#### Records from a collection

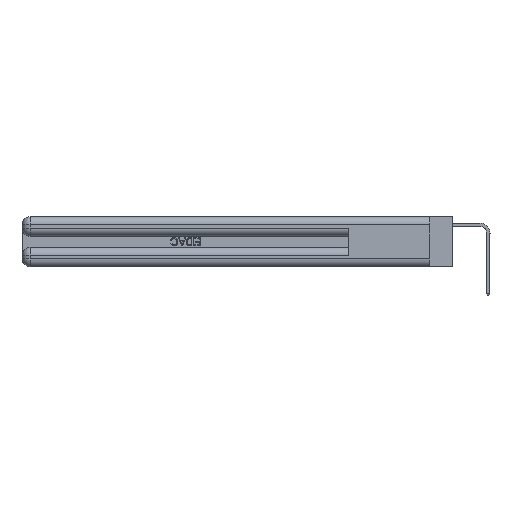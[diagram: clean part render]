
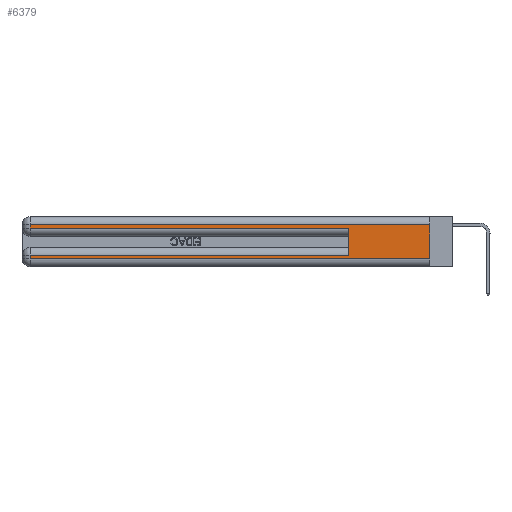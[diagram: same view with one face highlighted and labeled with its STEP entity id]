
A CAD part, left-side view. The second image highlights one B-rep face of the part: STEP entity #6379.
In plain terms, the highlighted planar face has unit normal (-1, 0, 0).
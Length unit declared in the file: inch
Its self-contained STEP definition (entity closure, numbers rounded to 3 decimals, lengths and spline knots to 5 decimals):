
#803 = CARTESIAN_POINT ( 'NONE',  ( 0., 0., 0.06 ) ) ;
#1108 = DIRECTION ( 'NONE',  ( 1., 0., 0. ) ) ;
#1264 = ORIENTED_EDGE ( 'NONE', *, *, #27751, .T. ) ;
#1280 = CARTESIAN_POINT ( 'NONE',  ( 0., 0., 0.085 ) ) ;
#1477 = CARTESIAN_POINT ( 'NONE',  ( 0., 0., 0.31 ) ) ;
#1805 = VERTEX_POINT ( 'NONE', #10659 ) ;
#2046 = VECTOR ( 'NONE', #2947, 39.37008 ) ;
#2652 = VECTOR ( 'NONE', #3811, 39.37008 ) ;
#2755 = EDGE_CURVE ( 'NONE', #1805, #22360, #28790, .T. ) ;
#2947 = DIRECTION ( 'NONE',  ( 0., -1., 0. ) ) ;
#3811 = DIRECTION ( 'NONE',  ( 0., 1., 0. ) ) ;
#4373 = ORIENTED_EDGE ( 'NONE', *, *, #18867, .F. ) ;
#4501 = ORIENTED_EDGE ( 'NONE', *, *, #19340, .T. ) ;
#4891 = DIRECTION ( 'NONE',  ( 0., 0., -1. ) ) ;
#5882 = LINE ( 'NONE', #19683, #18463 ) ;
#6379 = ADVANCED_FACE ( 'NONE', ( #28325 ), #21110, .F. ) ;
#6913 = ORIENTED_EDGE ( 'NONE', *, *, #18565, .T. ) ;
#7429 = CARTESIAN_POINT ( 'NONE',  ( 0., 2.94, 0.37 ) ) ;
#7513 = VECTOR ( 'NONE', #14542, 39.37008 ) ;
#7570 = ORIENTED_EDGE ( 'NONE', *, *, #12561, .F. ) ;
#8049 = VECTOR ( 'NONE', #4891, 39.37008 ) ;
#9258 = CARTESIAN_POINT ( 'NONE',  ( 0., 0.6, 0.085 ) ) ;
#9781 = EDGE_CURVE ( 'NONE', #11897, #27808, #30049, .T. ) ;
#10478 = DIRECTION ( 'NONE',  ( 0., 0., -1. ) ) ;
#10659 = CARTESIAN_POINT ( 'NONE',  ( 0., 2.94, 0.085 ) ) ;
#11897 = VERTEX_POINT ( 'NONE', #15726 ) ;
#12457 = VERTEX_POINT ( 'NONE', #9258 ) ;
#12561 = EDGE_CURVE ( 'NONE', #19216, #31814, #5882, .T. ) ;
#14406 = VECTOR ( 'NONE', #10478, 39.37008 ) ;
#14542 = DIRECTION ( 'NONE',  ( 0., 1., 0. ) ) ;
#14959 = LINE ( 'NONE', #24525, #7513 ) ;
#15470 = CARTESIAN_POINT ( 'NONE',  ( 0., 0., 0.06 ) ) ;
#15726 = CARTESIAN_POINT ( 'NONE',  ( 0., 2.94, 0.285 ) ) ;
#15993 = CARTESIAN_POINT ( 'NONE',  ( 0., 2.94, 0.06 ) ) ;
#17587 = VECTOR ( 'NONE', #32317, 39.37008 ) ;
#18463 = VECTOR ( 'NONE', #22222, 39.37008 ) ;
#18565 = EDGE_CURVE ( 'NONE', #22360, #31814, #22096, .T. ) ;
#18676 = DIRECTION ( 'NONE',  ( 0., 0., -1. ) ) ;
#18867 = EDGE_CURVE ( 'NONE', #12457, #27808, #26753, .T. ) ;
#19216 = VERTEX_POINT ( 'NONE', #1477 ) ;
#19340 = EDGE_CURVE ( 'NONE', #19216, #24897, #14959, .T. ) ;
#19683 = CARTESIAN_POINT ( 'NONE',  ( 0., 0., 0.37 ) ) ;
#21110 = PLANE ( 'NONE',  #25743 ) ;
#22096 = LINE ( 'NONE', #15470, #2046 ) ;
#22222 = DIRECTION ( 'NONE',  ( 0., 0., -1. ) ) ;
#22360 = VERTEX_POINT ( 'NONE', #15993 ) ;
#22440 = EDGE_LOOP ( 'NONE', ( #7570, #4501, #1264, #24228, #4373, #30800, #30573, #6913 ) ) ;
#22497 = DIRECTION ( 'NONE',  ( 0., 0., 1. ) ) ;
#22991 = CARTESIAN_POINT ( 'NONE',  ( 0., 2.94, 0.37 ) ) ;
#24228 = ORIENTED_EDGE ( 'NONE', *, *, #9781, .T. ) ;
#24525 = CARTESIAN_POINT ( 'NONE',  ( 0., 0., 0.31 ) ) ;
#24861 = CARTESIAN_POINT ( 'NONE',  ( 0., 0., 0.285 ) ) ;
#24897 = VERTEX_POINT ( 'NONE', #28374 ) ;
#25608 = CARTESIAN_POINT ( 'NONE',  ( 0., 0.6, 0.285 ) ) ;
#25743 = AXIS2_PLACEMENT_3D ( 'NONE', #31086, #1108, #18676 ) ;
#25965 = VECTOR ( 'NONE', #22497, 39.37008 ) ;
#26753 = LINE ( 'NONE', #29857, #25965 ) ;
#27751 = EDGE_CURVE ( 'NONE', #24897, #11897, #28472, .T. ) ;
#27808 = VERTEX_POINT ( 'NONE', #25608 ) ;
#28325 = FACE_OUTER_BOUND ( 'NONE', #22440, .T. ) ;
#28374 = CARTESIAN_POINT ( 'NONE',  ( 0., 2.94, 0.31 ) ) ;
#28472 = LINE ( 'NONE', #22991, #14406 ) ;
#28790 = LINE ( 'NONE', #7429, #8049 ) ;
#29261 = LINE ( 'NONE', #1280, #2652 ) ;
#29857 = CARTESIAN_POINT ( 'NONE',  ( 0., 0.6, 0.145 ) ) ;
#30049 = LINE ( 'NONE', #24861, #17587 ) ;
#30573 = ORIENTED_EDGE ( 'NONE', *, *, #2755, .T. ) ;
#30800 = ORIENTED_EDGE ( 'NONE', *, *, #31203, .T. ) ;
#31086 = CARTESIAN_POINT ( 'NONE',  ( 0., 0., 0.37 ) ) ;
#31203 = EDGE_CURVE ( 'NONE', #12457, #1805, #29261, .T. ) ;
#31814 = VERTEX_POINT ( 'NONE', #803 ) ;
#32317 = DIRECTION ( 'NONE',  ( 0., -1., 0. ) ) ;

#### EXERCISE
A faithful reproduction of every entry, with no pictures, is the expected answer.

#### WRITTEN SOLUTION
[diagram: clean part render]
[diagram: same view with one face highlighted and labeled with its STEP entity id]
A CAD part, left-side view. The second image highlights one B-rep face of the part: STEP entity #6379.
In plain terms, the highlighted planar face has unit normal (-1, 0, 0).
Length unit declared in the file: inch
Its self-contained STEP definition (entity closure, numbers rounded to 3 decimals, lengths and spline knots to 5 decimals):
#803 = CARTESIAN_POINT ( 'NONE',  ( 0., 0., 0.06 ) ) ;
#1108 = DIRECTION ( 'NONE',  ( 1., 0., 0. ) ) ;
#1264 = ORIENTED_EDGE ( 'NONE', *, *, #27751, .T. ) ;
#1280 = CARTESIAN_POINT ( 'NONE',  ( 0., 0., 0.085 ) ) ;
#1477 = CARTESIAN_POINT ( 'NONE',  ( 0., 0., 0.31 ) ) ;
#1805 = VERTEX_POINT ( 'NONE', #10659 ) ;
#2046 = VECTOR ( 'NONE', #2947, 39.37008 ) ;
#2652 = VECTOR ( 'NONE', #3811, 39.37008 ) ;
#2755 = EDGE_CURVE ( 'NONE', #1805, #22360, #28790, .T. ) ;
#2947 = DIRECTION ( 'NONE',  ( 0., -1., 0. ) ) ;
#3811 = DIRECTION ( 'NONE',  ( 0., 1., 0. ) ) ;
#4373 = ORIENTED_EDGE ( 'NONE', *, *, #18867, .F. ) ;
#4501 = ORIENTED_EDGE ( 'NONE', *, *, #19340, .T. ) ;
#4891 = DIRECTION ( 'NONE',  ( 0., 0., -1. ) ) ;
#5882 = LINE ( 'NONE', #19683, #18463 ) ;
#6379 = ADVANCED_FACE ( 'NONE', ( #28325 ), #21110, .F. ) ;
#6913 = ORIENTED_EDGE ( 'NONE', *, *, #18565, .T. ) ;
#7429 = CARTESIAN_POINT ( 'NONE',  ( 0., 2.94, 0.37 ) ) ;
#7513 = VECTOR ( 'NONE', #14542, 39.37008 ) ;
#7570 = ORIENTED_EDGE ( 'NONE', *, *, #12561, .F. ) ;
#8049 = VECTOR ( 'NONE', #4891, 39.37008 ) ;
#9258 = CARTESIAN_POINT ( 'NONE',  ( 0., 0.6, 0.085 ) ) ;
#9781 = EDGE_CURVE ( 'NONE', #11897, #27808, #30049, .T. ) ;
#10478 = DIRECTION ( 'NONE',  ( 0., 0., -1. ) ) ;
#10659 = CARTESIAN_POINT ( 'NONE',  ( 0., 2.94, 0.085 ) ) ;
#11897 = VERTEX_POINT ( 'NONE', #15726 ) ;
#12457 = VERTEX_POINT ( 'NONE', #9258 ) ;
#12561 = EDGE_CURVE ( 'NONE', #19216, #31814, #5882, .T. ) ;
#14406 = VECTOR ( 'NONE', #10478, 39.37008 ) ;
#14542 = DIRECTION ( 'NONE',  ( 0., 1., 0. ) ) ;
#14959 = LINE ( 'NONE', #24525, #7513 ) ;
#15470 = CARTESIAN_POINT ( 'NONE',  ( 0., 0., 0.06 ) ) ;
#15726 = CARTESIAN_POINT ( 'NONE',  ( 0., 2.94, 0.285 ) ) ;
#15993 = CARTESIAN_POINT ( 'NONE',  ( 0., 2.94, 0.06 ) ) ;
#17587 = VECTOR ( 'NONE', #32317, 39.37008 ) ;
#18463 = VECTOR ( 'NONE', #22222, 39.37008 ) ;
#18565 = EDGE_CURVE ( 'NONE', #22360, #31814, #22096, .T. ) ;
#18676 = DIRECTION ( 'NONE',  ( 0., 0., -1. ) ) ;
#18867 = EDGE_CURVE ( 'NONE', #12457, #27808, #26753, .T. ) ;
#19216 = VERTEX_POINT ( 'NONE', #1477 ) ;
#19340 = EDGE_CURVE ( 'NONE', #19216, #24897, #14959, .T. ) ;
#19683 = CARTESIAN_POINT ( 'NONE',  ( 0., 0., 0.37 ) ) ;
#21110 = PLANE ( 'NONE',  #25743 ) ;
#22096 = LINE ( 'NONE', #15470, #2046 ) ;
#22222 = DIRECTION ( 'NONE',  ( 0., 0., -1. ) ) ;
#22360 = VERTEX_POINT ( 'NONE', #15993 ) ;
#22440 = EDGE_LOOP ( 'NONE', ( #7570, #4501, #1264, #24228, #4373, #30800, #30573, #6913 ) ) ;
#22497 = DIRECTION ( 'NONE',  ( 0., 0., 1. ) ) ;
#22991 = CARTESIAN_POINT ( 'NONE',  ( 0., 2.94, 0.37 ) ) ;
#24228 = ORIENTED_EDGE ( 'NONE', *, *, #9781, .T. ) ;
#24525 = CARTESIAN_POINT ( 'NONE',  ( 0., 0., 0.31 ) ) ;
#24861 = CARTESIAN_POINT ( 'NONE',  ( 0., 0., 0.285 ) ) ;
#24897 = VERTEX_POINT ( 'NONE', #28374 ) ;
#25608 = CARTESIAN_POINT ( 'NONE',  ( 0., 0.6, 0.285 ) ) ;
#25743 = AXIS2_PLACEMENT_3D ( 'NONE', #31086, #1108, #18676 ) ;
#25965 = VECTOR ( 'NONE', #22497, 39.37008 ) ;
#26753 = LINE ( 'NONE', #29857, #25965 ) ;
#27751 = EDGE_CURVE ( 'NONE', #24897, #11897, #28472, .T. ) ;
#27808 = VERTEX_POINT ( 'NONE', #25608 ) ;
#28325 = FACE_OUTER_BOUND ( 'NONE', #22440, .T. ) ;
#28374 = CARTESIAN_POINT ( 'NONE',  ( 0., 2.94, 0.31 ) ) ;
#28472 = LINE ( 'NONE', #22991, #14406 ) ;
#28790 = LINE ( 'NONE', #7429, #8049 ) ;
#29261 = LINE ( 'NONE', #1280, #2652 ) ;
#29857 = CARTESIAN_POINT ( 'NONE',  ( 0., 0.6, 0.145 ) ) ;
#30049 = LINE ( 'NONE', #24861, #17587 ) ;
#30573 = ORIENTED_EDGE ( 'NONE', *, *, #2755, .T. ) ;
#30800 = ORIENTED_EDGE ( 'NONE', *, *, #31203, .T. ) ;
#31086 = CARTESIAN_POINT ( 'NONE',  ( 0., 0., 0.37 ) ) ;
#31203 = EDGE_CURVE ( 'NONE', #12457, #1805, #29261, .T. ) ;
#31814 = VERTEX_POINT ( 'NONE', #803 ) ;
#32317 = DIRECTION ( 'NONE',  ( 0., -1., 0. ) ) ;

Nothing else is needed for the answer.